**Task objective**
Retype only what runs from the beginning of the data through the line with "from ezdxf.enums import"; please omit the pictures and keep every line exact.

**Study material**
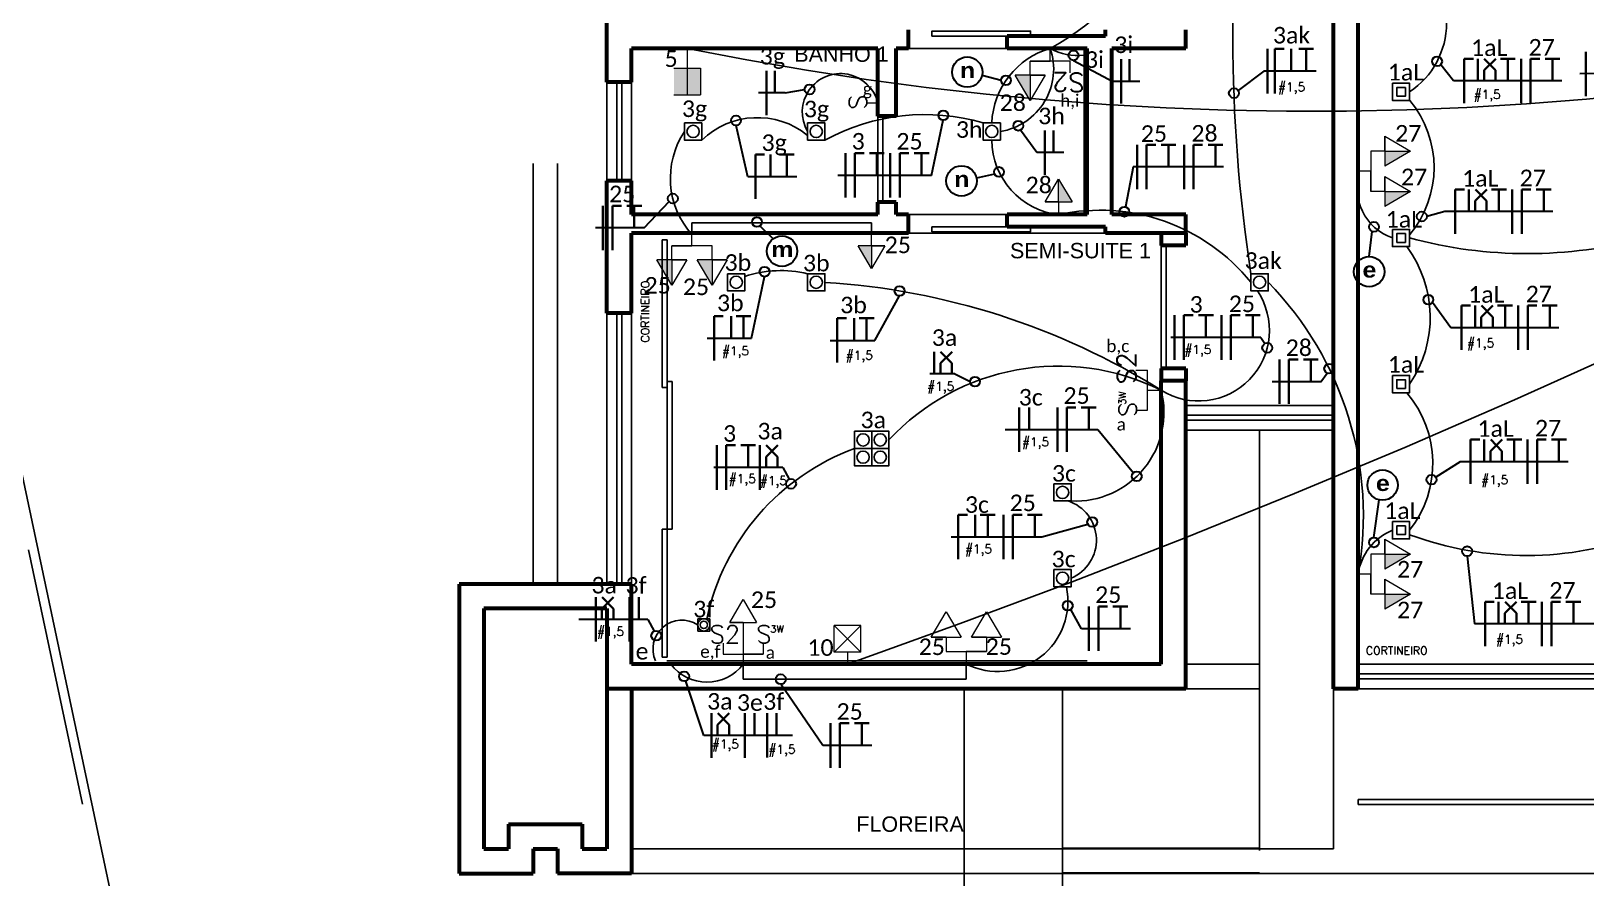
# Model space of a CAD drawing. Header units: millimetres. Extents: x 2775 to 3964, y 1473 to 2314.
# Drawn here: x 2872.3 to 2938, y 2081 to 2116.8 of the extents above; entities that cross this region are included whole.
import ezdxf
from ezdxf.enums import TextEntityAlignment as Align

# ---------------------------------------------------------------- set-up
doc = ezdxf.new("R2010")
doc.units = ezdxf.units.MM
for name, pattern in [('ACAD_ISO02W100', [15, 12, -3]), ('ACAD_ISO04W100', [30, 24, -3, 0, -3]), ('CONTINUO', [0]), ('DASHDOT', [1, 0.5, -0.25, 0, -0.25]), ('DASHDOT2', [0.5, 0.25, -0.125, 0, -0.125]), ('DASHED', [0.75, 0.5, -0.25]), ('DASHEDX2', [38.1, 25.4, -12.7])]:
    doc.linetypes.add(name, pattern=pattern)
for name, color, linetype in [('01', 254, 'Continuous'), ('02', 7, 'Continuous'), ('04', 4, 'Continuous'), ('07', 7, 'Continuous')]:
    doc.layers.add(name, color=color, linetype=linetype)
for name, color, linetype, lineweight in [('06', 252, 'Continuous', 60), ('EJEL05130C', 130, 'Continuous', 30), ('EJEL0550C', 50, 'Continuous', 35), ('EJEL0580C', 80, 'Continuous', 9), ('EJEL25170C', 170, 'Continuous', 25), ('EJEL25170T', 170, 'ACAD_ISO02W100', 25), ('EJEL25170TP', 10, 'ACAD_ISO04W100', 25), ('EJEL3040C', 40, 'Continuous', 9), ('Textos Iluminação', 111, 'DASHDOT2', 50)]:
    doc.layers.add(name, color=color, linetype=linetype, lineweight=lineweight)
doc.styles.add('C-50', font='romans.shx', dxfattribs={"height": 10})
doc.styles.add('CALIBRI - MUTABILE 25', font='calibri.ttf', dxfattribs={"height": 25})
doc.styles.add('M_abG50', font='', dxfattribs={"width": 1.1, "height": 0.13})
doc.styles.add('ROMANS', font='romans', dxfattribs={"height": 0.2})
doc.styles.add('SR60', font='simplex', dxfattribs={"height": 0.15})
doc.styles.add('SR80', font='SIMPLEX', dxfattribs={"height": 0.1})
doc.styles.get("Standard").update_dxf_attribs({"font": 'arial.ttf'})
doc.styles.get('M_abG50').set_extended_font_data('Arial Black')

# ---------------------------------------------------------------- blocks, each defined once
blk = doc.blocks.new('A$C0AE3526C')
at = {"layer": 'EJEL0580C'}
h = blk.add_hatch(color=256, dxfattribs=at)
h.dxf.hatch_style = 1
h.paths.add_polyline_path([(47.6, 15.9), (15.9, 15.9), (15.9, -15.9), (47.6, -15.9)])
h = blk.add_hatch(color=256, dxfattribs=at)
h.dxf.hatch_style = 1
h.paths.add_polyline_path([(47.6, -15.9), (47.6, 0), (15.9, 0), (15.9, -15.9)])
for p, q in [((-7.9, 0), (47.6, 0)), ((0, 0), (47.6, 0)), ((15.9, 15.9), (47.6, 15.9)), ((15.9, -15.9), (15.9, 15.9)), ((15.9, -15.9), (15.9, 15.9)), ((47.6, -15.9), (47.6, 15.9)), ((47.6, -15.9), (47.6, 15.9))]:
    blk.add_line(p, q, dxfattribs=at)
blk = doc.blocks.new('A$C45B0798E')
at = {"layer": 'EJEL0580C'}
for p, q in [((-15.9, -15.9), (-15.9, 15.9)), ((-15.9, 15.9), (15.9, 15.9)), ((15.9, -15.9), (15.9, 15.9)), ((-26.9, 0), (-30.2, 0)), ((-15.9, 0), (-26.9, 0)), ((-15.9, -15.9), (15.9, -15.9))]:
    blk.add_line(p, q, dxfattribs=at)
at = {"layer": 'EJEL0580C', "ltscale": 0.015}
for p, q in [((-15.9, -15.9), (15.9, 15.9)), ((-15.9, 15.9), (15.9, -15.9))]:
    blk.add_line(p, q, dxfattribs=at)
blk = doc.blocks.new('A$C6F922916')
at = {"layer": 'EJEL0580C'}
for p, q in [((30.2, 22.6), (30.2, 39.5)), ((30.2, 39.5), (30.2, 5.7)), ((30.2, 39.5), (58.9, 22.6)), ((14.3, 22.6), (14.3, -22.6)), ((30.2, 22.6), (14.3, 22.6)), ((58.9, 22.6), (30.2, 5.7)), ((3.3, 0), (0, 0)), ((14.3, 0), (3.3, 0)), ((14.3, -22.6), (14.3, 0)), ((30.2, -22.6), (30.2, -5.7)), ((30.2, -5.7), (30.2, -39.5)), ((30.2, -5.7), (58.9, -22.6)), ((30.2, -22.6), (14.3, -22.6)), ((58.9, -22.6), (30.2, -39.5))]:
    blk.add_line(p, q, dxfattribs=at)
blk = doc.blocks.new('A$C244824F9')
at = {"layer": 'EJEL0580C'}
blk.add_line((6.6, 0), (-6.6, 0), dxfattribs=at)
for s, height, style, p in [('S', 21.2, 'SR80', (6.7, 8.3)), ('3W', 8.46, 'SR60', (19.3, -8.6))]:
    blk.add_text(s, height=height, rotation=270, dxfattribs=dict(at, style=style)).set_placement(p)
blk = doc.blocks.new('A$C358D43A7')
at = {"layer": 'EJEL0580C'}
for p, q in [((0, 0), (-15.9, 0)), ((0, 0), (0, 16.9)), ((0, 16.9), (0, -16.9)), ((0, 16.9), (28.7, 0)), ((28.7, 0), (0, -16.9))]:
    blk.add_line(p, q, dxfattribs=at)
blk = doc.blocks.new('A$C48824C57')
at = {"layer": 'EJEL0580C'}
h = blk.add_hatch(color=256, dxfattribs=at)
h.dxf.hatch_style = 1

**Finished task**
# Model space of a CAD drawing. Header units: millimetres. Extents: x 2775 to 3964, y 1473 to 2314.
# Drawn here: x 2872.3 to 2938, y 2081 to 2116.8 of the extents above; entities that cross this region are included whole.
import ezdxf
from ezdxf.enums import TextEntityAlignment as Align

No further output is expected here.